# What this task involves
Starting with the first line of the records, write out each line exactly until you have included the line containing "operations are done".

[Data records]

↓

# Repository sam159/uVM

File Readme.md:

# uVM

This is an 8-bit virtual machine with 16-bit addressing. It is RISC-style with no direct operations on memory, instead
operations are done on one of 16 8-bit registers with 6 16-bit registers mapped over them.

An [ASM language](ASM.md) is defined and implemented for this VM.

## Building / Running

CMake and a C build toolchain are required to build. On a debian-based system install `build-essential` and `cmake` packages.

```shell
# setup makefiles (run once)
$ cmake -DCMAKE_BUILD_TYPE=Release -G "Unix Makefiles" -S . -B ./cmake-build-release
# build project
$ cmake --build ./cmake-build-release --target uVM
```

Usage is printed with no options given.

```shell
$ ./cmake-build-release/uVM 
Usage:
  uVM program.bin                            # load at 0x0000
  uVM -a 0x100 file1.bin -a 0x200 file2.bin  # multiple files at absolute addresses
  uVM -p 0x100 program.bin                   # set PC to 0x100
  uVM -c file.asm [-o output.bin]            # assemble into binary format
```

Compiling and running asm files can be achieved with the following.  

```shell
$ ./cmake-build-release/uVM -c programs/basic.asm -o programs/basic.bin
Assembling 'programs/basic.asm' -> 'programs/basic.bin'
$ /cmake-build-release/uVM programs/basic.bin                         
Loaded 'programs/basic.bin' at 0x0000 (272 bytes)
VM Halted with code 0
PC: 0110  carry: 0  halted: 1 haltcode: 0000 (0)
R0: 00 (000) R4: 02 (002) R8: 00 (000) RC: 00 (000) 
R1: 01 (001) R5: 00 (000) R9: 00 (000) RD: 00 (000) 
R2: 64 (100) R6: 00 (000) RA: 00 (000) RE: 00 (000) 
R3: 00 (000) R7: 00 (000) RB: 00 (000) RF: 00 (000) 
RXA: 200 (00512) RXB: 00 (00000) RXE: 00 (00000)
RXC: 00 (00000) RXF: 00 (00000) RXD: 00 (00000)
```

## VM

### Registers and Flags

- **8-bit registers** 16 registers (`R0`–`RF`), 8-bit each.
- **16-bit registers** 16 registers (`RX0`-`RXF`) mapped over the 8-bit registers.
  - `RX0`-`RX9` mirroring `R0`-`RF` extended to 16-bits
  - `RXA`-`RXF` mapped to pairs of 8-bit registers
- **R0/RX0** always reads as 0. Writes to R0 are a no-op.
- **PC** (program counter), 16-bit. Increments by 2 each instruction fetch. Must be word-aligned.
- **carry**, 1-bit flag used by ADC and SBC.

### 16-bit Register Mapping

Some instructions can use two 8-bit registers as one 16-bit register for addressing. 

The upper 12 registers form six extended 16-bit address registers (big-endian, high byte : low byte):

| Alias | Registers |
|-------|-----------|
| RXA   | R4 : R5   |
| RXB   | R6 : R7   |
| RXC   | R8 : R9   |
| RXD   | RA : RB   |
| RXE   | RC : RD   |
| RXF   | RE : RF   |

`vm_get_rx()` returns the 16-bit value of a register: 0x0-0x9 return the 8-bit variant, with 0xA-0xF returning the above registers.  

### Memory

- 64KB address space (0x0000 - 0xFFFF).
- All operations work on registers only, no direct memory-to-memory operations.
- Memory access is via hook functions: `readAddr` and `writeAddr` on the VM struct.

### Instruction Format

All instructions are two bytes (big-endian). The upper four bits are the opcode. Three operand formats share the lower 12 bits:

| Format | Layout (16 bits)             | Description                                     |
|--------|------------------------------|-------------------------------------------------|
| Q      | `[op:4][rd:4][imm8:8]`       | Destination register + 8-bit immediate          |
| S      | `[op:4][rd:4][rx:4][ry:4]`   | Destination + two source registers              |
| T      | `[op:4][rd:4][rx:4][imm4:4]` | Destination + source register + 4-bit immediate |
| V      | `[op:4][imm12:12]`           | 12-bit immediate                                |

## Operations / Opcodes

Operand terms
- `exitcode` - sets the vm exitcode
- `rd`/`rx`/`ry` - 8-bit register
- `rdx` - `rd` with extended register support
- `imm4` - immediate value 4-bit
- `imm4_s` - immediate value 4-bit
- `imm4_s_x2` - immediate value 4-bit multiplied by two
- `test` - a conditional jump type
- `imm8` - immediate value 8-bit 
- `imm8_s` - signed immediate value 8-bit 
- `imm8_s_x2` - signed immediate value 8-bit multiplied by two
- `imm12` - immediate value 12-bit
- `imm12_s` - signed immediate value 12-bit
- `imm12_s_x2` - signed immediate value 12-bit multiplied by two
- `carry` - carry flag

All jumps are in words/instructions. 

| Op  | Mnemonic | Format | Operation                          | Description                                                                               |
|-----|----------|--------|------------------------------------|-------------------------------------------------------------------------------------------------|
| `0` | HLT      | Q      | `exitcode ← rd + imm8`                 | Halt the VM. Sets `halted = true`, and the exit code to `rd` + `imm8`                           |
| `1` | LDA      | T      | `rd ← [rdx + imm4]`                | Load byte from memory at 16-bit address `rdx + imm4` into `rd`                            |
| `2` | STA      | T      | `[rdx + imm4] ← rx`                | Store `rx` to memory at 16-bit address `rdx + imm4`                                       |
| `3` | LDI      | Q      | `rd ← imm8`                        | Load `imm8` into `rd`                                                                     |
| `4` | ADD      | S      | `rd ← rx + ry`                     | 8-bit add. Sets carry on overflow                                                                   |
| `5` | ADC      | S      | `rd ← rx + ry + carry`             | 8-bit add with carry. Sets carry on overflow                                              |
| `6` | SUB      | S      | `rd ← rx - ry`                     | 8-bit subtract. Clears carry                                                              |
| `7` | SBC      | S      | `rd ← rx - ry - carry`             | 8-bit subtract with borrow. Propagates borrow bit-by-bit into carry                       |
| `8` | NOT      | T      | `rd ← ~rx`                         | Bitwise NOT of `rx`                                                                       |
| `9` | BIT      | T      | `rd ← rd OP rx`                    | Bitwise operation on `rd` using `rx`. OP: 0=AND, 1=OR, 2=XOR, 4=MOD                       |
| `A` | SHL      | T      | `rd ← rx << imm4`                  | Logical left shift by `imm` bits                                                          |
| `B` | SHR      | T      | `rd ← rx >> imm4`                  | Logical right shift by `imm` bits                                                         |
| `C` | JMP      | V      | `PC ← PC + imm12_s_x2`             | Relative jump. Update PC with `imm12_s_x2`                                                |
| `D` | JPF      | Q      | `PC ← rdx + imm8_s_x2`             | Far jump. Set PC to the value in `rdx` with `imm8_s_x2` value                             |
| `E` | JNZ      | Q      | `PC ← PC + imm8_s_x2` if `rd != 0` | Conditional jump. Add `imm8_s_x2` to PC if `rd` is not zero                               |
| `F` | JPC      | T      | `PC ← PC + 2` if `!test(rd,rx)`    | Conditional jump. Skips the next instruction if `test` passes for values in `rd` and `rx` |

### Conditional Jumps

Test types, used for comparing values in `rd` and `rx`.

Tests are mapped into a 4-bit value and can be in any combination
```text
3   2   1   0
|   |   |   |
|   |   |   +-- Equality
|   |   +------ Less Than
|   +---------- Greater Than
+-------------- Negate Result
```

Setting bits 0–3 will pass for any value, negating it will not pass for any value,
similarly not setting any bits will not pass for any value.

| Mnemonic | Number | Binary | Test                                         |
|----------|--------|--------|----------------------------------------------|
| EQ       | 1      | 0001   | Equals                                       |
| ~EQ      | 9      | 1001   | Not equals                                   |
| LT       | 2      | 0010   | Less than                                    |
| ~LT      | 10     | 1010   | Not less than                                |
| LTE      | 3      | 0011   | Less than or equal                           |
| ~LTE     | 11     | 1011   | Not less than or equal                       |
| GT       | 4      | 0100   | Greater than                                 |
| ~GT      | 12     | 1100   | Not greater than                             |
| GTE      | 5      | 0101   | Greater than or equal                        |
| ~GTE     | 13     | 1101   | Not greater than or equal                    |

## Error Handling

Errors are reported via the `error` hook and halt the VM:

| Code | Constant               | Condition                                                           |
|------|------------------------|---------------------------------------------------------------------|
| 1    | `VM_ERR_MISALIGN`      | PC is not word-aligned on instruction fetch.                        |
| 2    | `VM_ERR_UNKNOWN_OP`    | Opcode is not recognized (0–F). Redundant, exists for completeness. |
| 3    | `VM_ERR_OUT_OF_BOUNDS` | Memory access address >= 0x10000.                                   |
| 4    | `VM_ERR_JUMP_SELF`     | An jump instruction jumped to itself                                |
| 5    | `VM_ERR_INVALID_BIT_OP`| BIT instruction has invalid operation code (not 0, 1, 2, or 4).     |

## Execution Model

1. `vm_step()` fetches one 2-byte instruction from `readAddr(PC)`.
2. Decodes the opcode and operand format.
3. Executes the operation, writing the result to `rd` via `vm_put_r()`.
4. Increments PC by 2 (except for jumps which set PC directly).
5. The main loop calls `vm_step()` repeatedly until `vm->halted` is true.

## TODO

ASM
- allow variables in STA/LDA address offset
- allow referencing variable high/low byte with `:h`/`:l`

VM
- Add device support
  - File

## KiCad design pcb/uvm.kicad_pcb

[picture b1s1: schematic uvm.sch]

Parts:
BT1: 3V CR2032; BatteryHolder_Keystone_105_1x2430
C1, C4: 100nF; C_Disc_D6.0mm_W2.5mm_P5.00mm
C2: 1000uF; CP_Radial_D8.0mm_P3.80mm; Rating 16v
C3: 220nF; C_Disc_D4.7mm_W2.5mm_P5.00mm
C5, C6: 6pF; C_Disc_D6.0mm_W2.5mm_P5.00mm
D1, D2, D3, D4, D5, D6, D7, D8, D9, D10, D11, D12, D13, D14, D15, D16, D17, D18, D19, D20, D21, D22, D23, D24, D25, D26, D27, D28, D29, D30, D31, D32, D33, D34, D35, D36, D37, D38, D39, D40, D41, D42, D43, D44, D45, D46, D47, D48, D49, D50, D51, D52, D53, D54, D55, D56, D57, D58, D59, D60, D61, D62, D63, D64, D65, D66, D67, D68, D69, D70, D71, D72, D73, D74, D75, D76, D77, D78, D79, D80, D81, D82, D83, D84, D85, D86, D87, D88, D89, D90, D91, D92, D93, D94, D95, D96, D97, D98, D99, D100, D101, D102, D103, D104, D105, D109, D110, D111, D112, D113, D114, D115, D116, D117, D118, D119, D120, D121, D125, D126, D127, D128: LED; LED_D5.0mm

↑

# Response area
# Repository sam159/uVM

File Readme.md:

# uVM

This is an 8-bit virtual machine with 16-bit addressing. It is RISC-style with no direct operations on memory, instead
operations are done on one of 16 8-bit registers with 6 16-bit registers mapped over them.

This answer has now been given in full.